Помявшись немного, хозяин дома приподнял бокал, показывая, что пьет за гостя, и сделал глоток.

— Говори!

— Знаешь ли ты, что Софья вовсю крутит хвостом с Федькой Шакловитым? Смотри, Василий, еще немного — и она вычеркнет тебя из своей жизни как ненужную вещь.

— Не говори чепухи! Кто тебе сказал такую глупость?

— У меня тоже есть свои осведомители.

— Софья Алексеевна никогда этого не сделает! Скажу по совести, я был бы только счастлив, если бы она нашла себе достойного возлюбленного. Но она весьма привязана ко мне, даже слишком.
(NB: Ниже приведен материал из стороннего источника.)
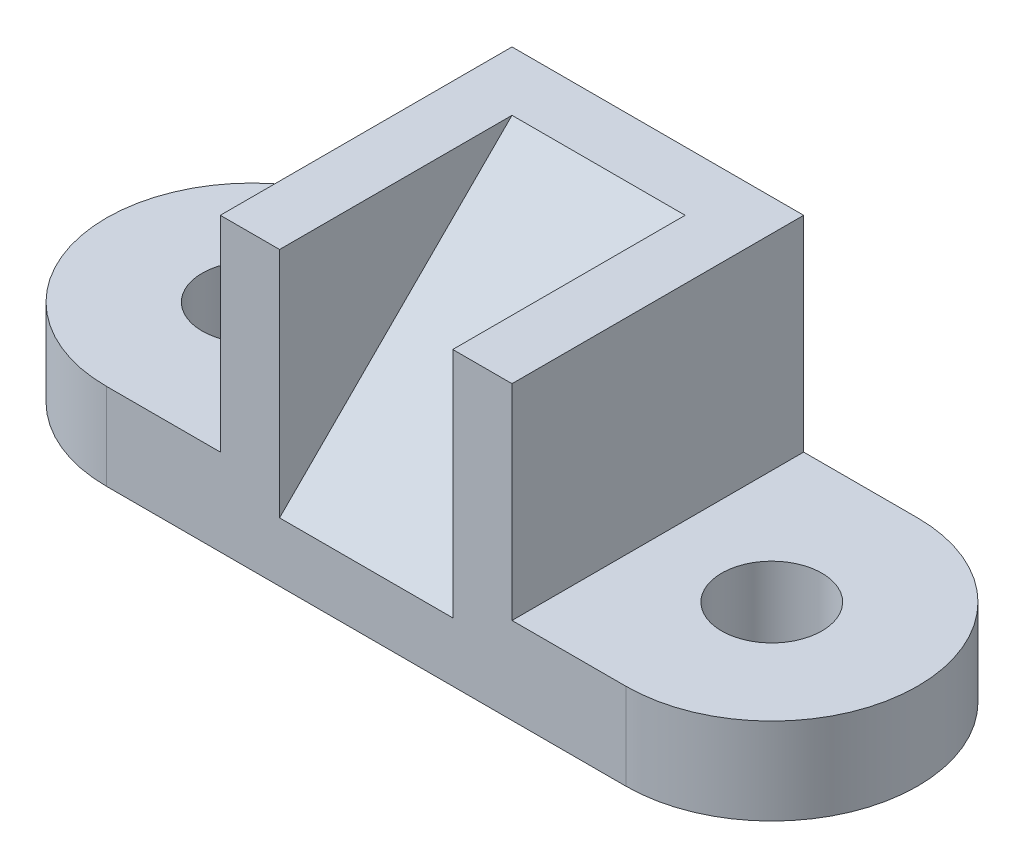
SolidWorks part; units mm, degrees
ref_plane "Front Plane" through (0, 0, 0) normal (0, 0, 1) x (1, 0, 0)
ref_plane "Top Plane" through (0, 0, 0) normal (0, 1, 0) x (1, 0, 0)
ref_plane "Right Plane" through (0, 0, 0) normal (1, 0, 0) x (0, 0, -1)
sketch "Sketch1" plane through (0, 0, 0) normal (0, 1, 0) x (1, 0, 0)
  line L0 (-57, 0) -> (57, 0) construction
  line L1 (-57, 32) -> (57, 32)
  line L2 (-57, -32) -> (57, -32)
  arc A0 (-57, 32) -> (-57, -32) centre (-57, 0) ccw
  arc A1 (57, -32) -> (57, 32) centre (57, 0) ccw
  circle A2 centre (-57, 0) radius 11
  circle A3 centre (57, 0) radius 11
  point P2 (0, 0)
  dimension "D2" = 22
  dimension "D4" = 32
  dimension "D1" = 114
  dimension "D3" = 64
extrude "Boss-Extrude1" add sketch "Sketch1" along normal blind 19
sketch "Sketch2" plane through (0, 19, 0) normal (0, 1, 0) x (1, 0, 0)
  line L0 (-57, -32) -> (57, -32) construction
  line L1 (-32, 32) -> (32, 32)
  line L2 (-32, 32) -> (-32, -32)
  line L3 (-32, -32) -> (32, -32)
  line L4 (32, 32) -> (32, -32)
  line L5 (-32, 32) -> (32, -32) construction
  line L6 (-32, -32) -> (32, 32) construction
  point P0 (0, 0)
  dimension "D1" = 64
extrude "Boss-Extrude2" add sketch "Sketch2" along normal blind 45
sketch "Sketch7" plane through (0, 0, 32) normal (0, 0, 1) x (1, 0, 0)
  line L0 (-32, 64) -> (32, 64) construction
  line L1 (-19, 64) -> (19, 64)
  line L2 (-19, 64) -> (-19, 13)
  line L3 (-19, 13) -> (19, 13)
  line L4 (19, 64) -> (19, 13)
  line L6 (-57, 0) -> (57, 0) construction
  line L7 (32, 64) -> (32, 19) construction
  dimension "D1" = 13
  dimension "D2" = 13
  dimension "D3" = 38
extrude "Cut-Extrude3" cut sketch "Sketch7" against normal blind 51 and the other way through all
sketch "Sketch11" plane through (-19, 0, 0) normal (1, 0, 0) x (0, 0, -1)
  line L0 (-32, 13) -> (19, 64)
  line L1 (-32, 64) -> (32, 64) construction
  line L2 (19, 64) -> (19, 13)
  line L3 (19, 13) -> (-32, 13)
  point P4 (0, 0)
  point P6 (-32, 13)
  dimension "D1" = 51
extrude "Boss-Extrude3" add sketch "Sketch11" along normal blind 51

— Ой ли? Когда ты последний раз с ней спал? Молчишь? То-то же! Как только ты уйдешь в поход, Шакловитый запрыгнет к ней в постель раньше, чем ты остановишься на первый привал, и ты будешь ей уже не нужен. А уж когда вернешься из Крыма… Слушай, Вася, я тебе скажу две неприятные вещи. Во-первых, крымчан вам не одолеть. Ни с помощью Бога, ни без оной. Во-вторых, если только ты опять проиграешь военную кампанию, то Софья тебе этого никогда не простит.